Data records
-----
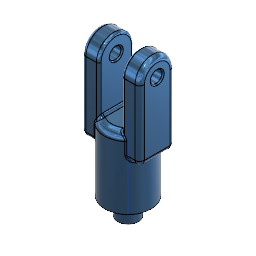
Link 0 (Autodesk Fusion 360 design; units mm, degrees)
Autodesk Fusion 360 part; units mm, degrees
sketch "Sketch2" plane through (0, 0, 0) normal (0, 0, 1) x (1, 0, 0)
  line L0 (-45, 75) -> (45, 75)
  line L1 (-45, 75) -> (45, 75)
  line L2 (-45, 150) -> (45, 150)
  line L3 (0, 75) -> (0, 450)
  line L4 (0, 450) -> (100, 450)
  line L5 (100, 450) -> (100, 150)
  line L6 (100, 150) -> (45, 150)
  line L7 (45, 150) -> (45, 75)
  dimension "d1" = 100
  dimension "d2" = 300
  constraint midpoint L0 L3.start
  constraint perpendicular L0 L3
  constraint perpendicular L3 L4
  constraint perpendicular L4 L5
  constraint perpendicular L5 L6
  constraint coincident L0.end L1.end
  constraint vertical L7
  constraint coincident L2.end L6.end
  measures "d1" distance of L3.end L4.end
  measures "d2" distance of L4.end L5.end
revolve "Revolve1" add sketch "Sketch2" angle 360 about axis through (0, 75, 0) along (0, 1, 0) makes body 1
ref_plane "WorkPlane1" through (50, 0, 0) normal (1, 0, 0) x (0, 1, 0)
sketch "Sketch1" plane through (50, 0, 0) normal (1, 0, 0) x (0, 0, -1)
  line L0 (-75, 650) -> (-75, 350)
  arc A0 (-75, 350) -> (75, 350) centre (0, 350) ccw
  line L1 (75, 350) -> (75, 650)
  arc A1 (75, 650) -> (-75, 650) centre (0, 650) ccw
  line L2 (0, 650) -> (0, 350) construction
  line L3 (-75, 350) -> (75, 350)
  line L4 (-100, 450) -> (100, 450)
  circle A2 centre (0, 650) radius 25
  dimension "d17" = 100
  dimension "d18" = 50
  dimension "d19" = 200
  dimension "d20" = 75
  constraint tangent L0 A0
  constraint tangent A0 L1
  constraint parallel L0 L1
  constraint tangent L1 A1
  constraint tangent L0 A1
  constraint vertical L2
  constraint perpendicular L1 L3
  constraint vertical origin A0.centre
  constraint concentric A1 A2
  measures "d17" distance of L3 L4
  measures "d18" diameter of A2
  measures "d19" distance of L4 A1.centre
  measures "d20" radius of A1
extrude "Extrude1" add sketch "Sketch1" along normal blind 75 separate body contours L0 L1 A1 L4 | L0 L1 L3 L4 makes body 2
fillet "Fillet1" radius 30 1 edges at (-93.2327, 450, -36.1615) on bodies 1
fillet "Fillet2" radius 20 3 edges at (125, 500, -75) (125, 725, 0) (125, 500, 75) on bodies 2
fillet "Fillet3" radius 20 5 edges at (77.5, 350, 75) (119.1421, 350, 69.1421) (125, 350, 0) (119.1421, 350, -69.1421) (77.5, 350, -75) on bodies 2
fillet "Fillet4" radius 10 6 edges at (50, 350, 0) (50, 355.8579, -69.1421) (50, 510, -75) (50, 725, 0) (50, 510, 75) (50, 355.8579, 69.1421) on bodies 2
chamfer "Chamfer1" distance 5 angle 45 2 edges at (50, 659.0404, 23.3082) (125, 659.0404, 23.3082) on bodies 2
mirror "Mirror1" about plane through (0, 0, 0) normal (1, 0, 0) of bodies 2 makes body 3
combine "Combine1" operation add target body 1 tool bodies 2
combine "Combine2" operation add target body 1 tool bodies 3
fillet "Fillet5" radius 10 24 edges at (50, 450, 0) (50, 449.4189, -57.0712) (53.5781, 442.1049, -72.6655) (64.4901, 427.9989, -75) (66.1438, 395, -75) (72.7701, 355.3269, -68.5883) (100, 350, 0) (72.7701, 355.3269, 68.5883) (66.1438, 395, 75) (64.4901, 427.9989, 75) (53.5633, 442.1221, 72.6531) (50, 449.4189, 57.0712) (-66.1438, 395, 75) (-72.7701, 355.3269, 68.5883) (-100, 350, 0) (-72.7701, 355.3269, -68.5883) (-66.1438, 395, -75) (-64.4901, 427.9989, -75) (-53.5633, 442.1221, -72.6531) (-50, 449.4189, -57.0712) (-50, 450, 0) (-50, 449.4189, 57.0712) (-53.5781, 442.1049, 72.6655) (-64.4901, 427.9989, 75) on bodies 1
-----
● **Exercise objective**
Without the pictures, reproduce every record exactly as it appears above.

● **Exercise solution**
Link 0 (Autodesk Fusion 360 design; units mm, degrees)
Autodesk Fusion 360 part; units mm, degrees
sketch "Sketch2" plane through (0, 0, 0) normal (0, 0, 1) x (1, 0, 0)
  line L0 (-45, 75) -> (45, 75)
  line L1 (-45, 75) -> (45, 75)
  line L2 (-45, 150) -> (45, 150)
  line L3 (0, 75) -> (0, 450)
  line L4 (0, 450) -> (100, 450)
  line L5 (100, 450) -> (100, 150)
  line L6 (100, 150) -> (45, 150)
  line L7 (45, 150) -> (45, 75)
  dimension "d1" = 100
  dimension "d2" = 300
  constraint midpoint L0 L3.start
  constraint perpendicular L0 L3
  constraint perpendicular L3 L4
  constraint perpendicular L4 L5
  constraint perpendicular L5 L6
  constraint coincident L0.end L1.end
  constraint vertical L7
  constraint coincident L2.end L6.end
  measures "d1" distance of L3.end L4.end
  measures "d2" distance of L4.end L5.end
revolve "Revolve1" add sketch "Sketch2" angle 360 about axis through (0, 75, 0) along (0, 1, 0) makes body 1
ref_plane "WorkPlane1" through (50, 0, 0) normal (1, 0, 0) x (0, 1, 0)
sketch "Sketch1" plane through (50, 0, 0) normal (1, 0, 0) x (0, 0, -1)
  line L0 (-75, 650) -> (-75, 350)
  arc A0 (-75, 350) -> (75, 350) centre (0, 350) ccw
  line L1 (75, 350) -> (75, 650)
  arc A1 (75, 650) -> (-75, 650) centre (0, 650) ccw
  line L2 (0, 650) -> (0, 350) construction
  line L3 (-75, 350) -> (75, 350)
  line L4 (-100, 450) -> (100, 450)
  circle A2 centre (0, 650) radius 25
  dimension "d17" = 100
  dimension "d18" = 50
  dimension "d19" = 200
  dimension "d20" = 75
  constraint tangent L0 A0
  constraint tangent A0 L1
  constraint parallel L0 L1
  constraint tangent L1 A1
  constraint tangent L0 A1
  constraint vertical L2
  constraint perpendicular L1 L3
  constraint vertical origin A0.centre
  constraint concentric A1 A2
  measures "d17" distance of L3 L4
  measures "d18" diameter of A2
  measures "d19" distance of L4 A1.centre
  measures "d20" radius of A1
extrude "Extrude1" add sketch "Sketch1" along normal blind 75 separate body contours L0 L1 A1 L4 | L0 L1 L3 L4 makes body 2
fillet "Fillet1" radius 30 1 edges at (-93.2327, 450, -36.1615) on bodies 1
fillet "Fillet2" radius 20 3 edges at (125, 500, -75) (125, 725, 0) (125, 500, 75) on bodies 2
fillet "Fillet3" radius 20 5 edges at (77.5, 350, 75) (119.1421, 350, 69.1421) (125, 350, 0) (119.1421, 350, -69.1421) (77.5, 350, -75) on bodies 2
fillet "Fillet4" radius 10 6 edges at (50, 350, 0) (50, 355.8579, -69.1421) (50, 510, -75) (50, 725, 0) (50, 510, 75) (50, 355.8579, 69.1421) on bodies 2
chamfer "Chamfer1" distance 5 angle 45 2 edges at (50, 659.0404, 23.3082) (125, 659.0404, 23.3082) on bodies 2
mirror "Mirror1" about plane through (0, 0, 0) normal (1, 0, 0) of bodies 2 makes body 3
combine "Combine1" operation add target body 1 tool bodies 2
combine "Combine2" operation add target body 1 tool bodies 3
fillet "Fillet5" radius 10 24 edges at (50, 450, 0) (50, 449.4189, -57.0712) (53.5781, 442.1049, -72.6655) (64.4901, 427.9989, -75) (66.1438, 395, -75) (72.7701, 355.3269, -68.5883) (100, 350, 0) (72.7701, 355.3269, 68.5883) (66.1438, 395, 75) (64.4901, 427.9989, 75) (53.5633, 442.1221, 72.6531) (50, 449.4189, 57.0712) (-66.1438, 395, 75) (-72.7701, 355.3269, 68.5883) (-100, 350, 0) (-72.7701, 355.3269, -68.5883) (-66.1438, 395, -75) (-64.4901, 427.9989, -75) (-53.5633, 442.1221, -72.6531) (-50, 449.4189, -57.0712) (-50, 450, 0) (-50, 449.4189, 57.0712) (-53.5781, 442.1049, 72.6655) (-64.4901, 427.9989, 75) on bodies 1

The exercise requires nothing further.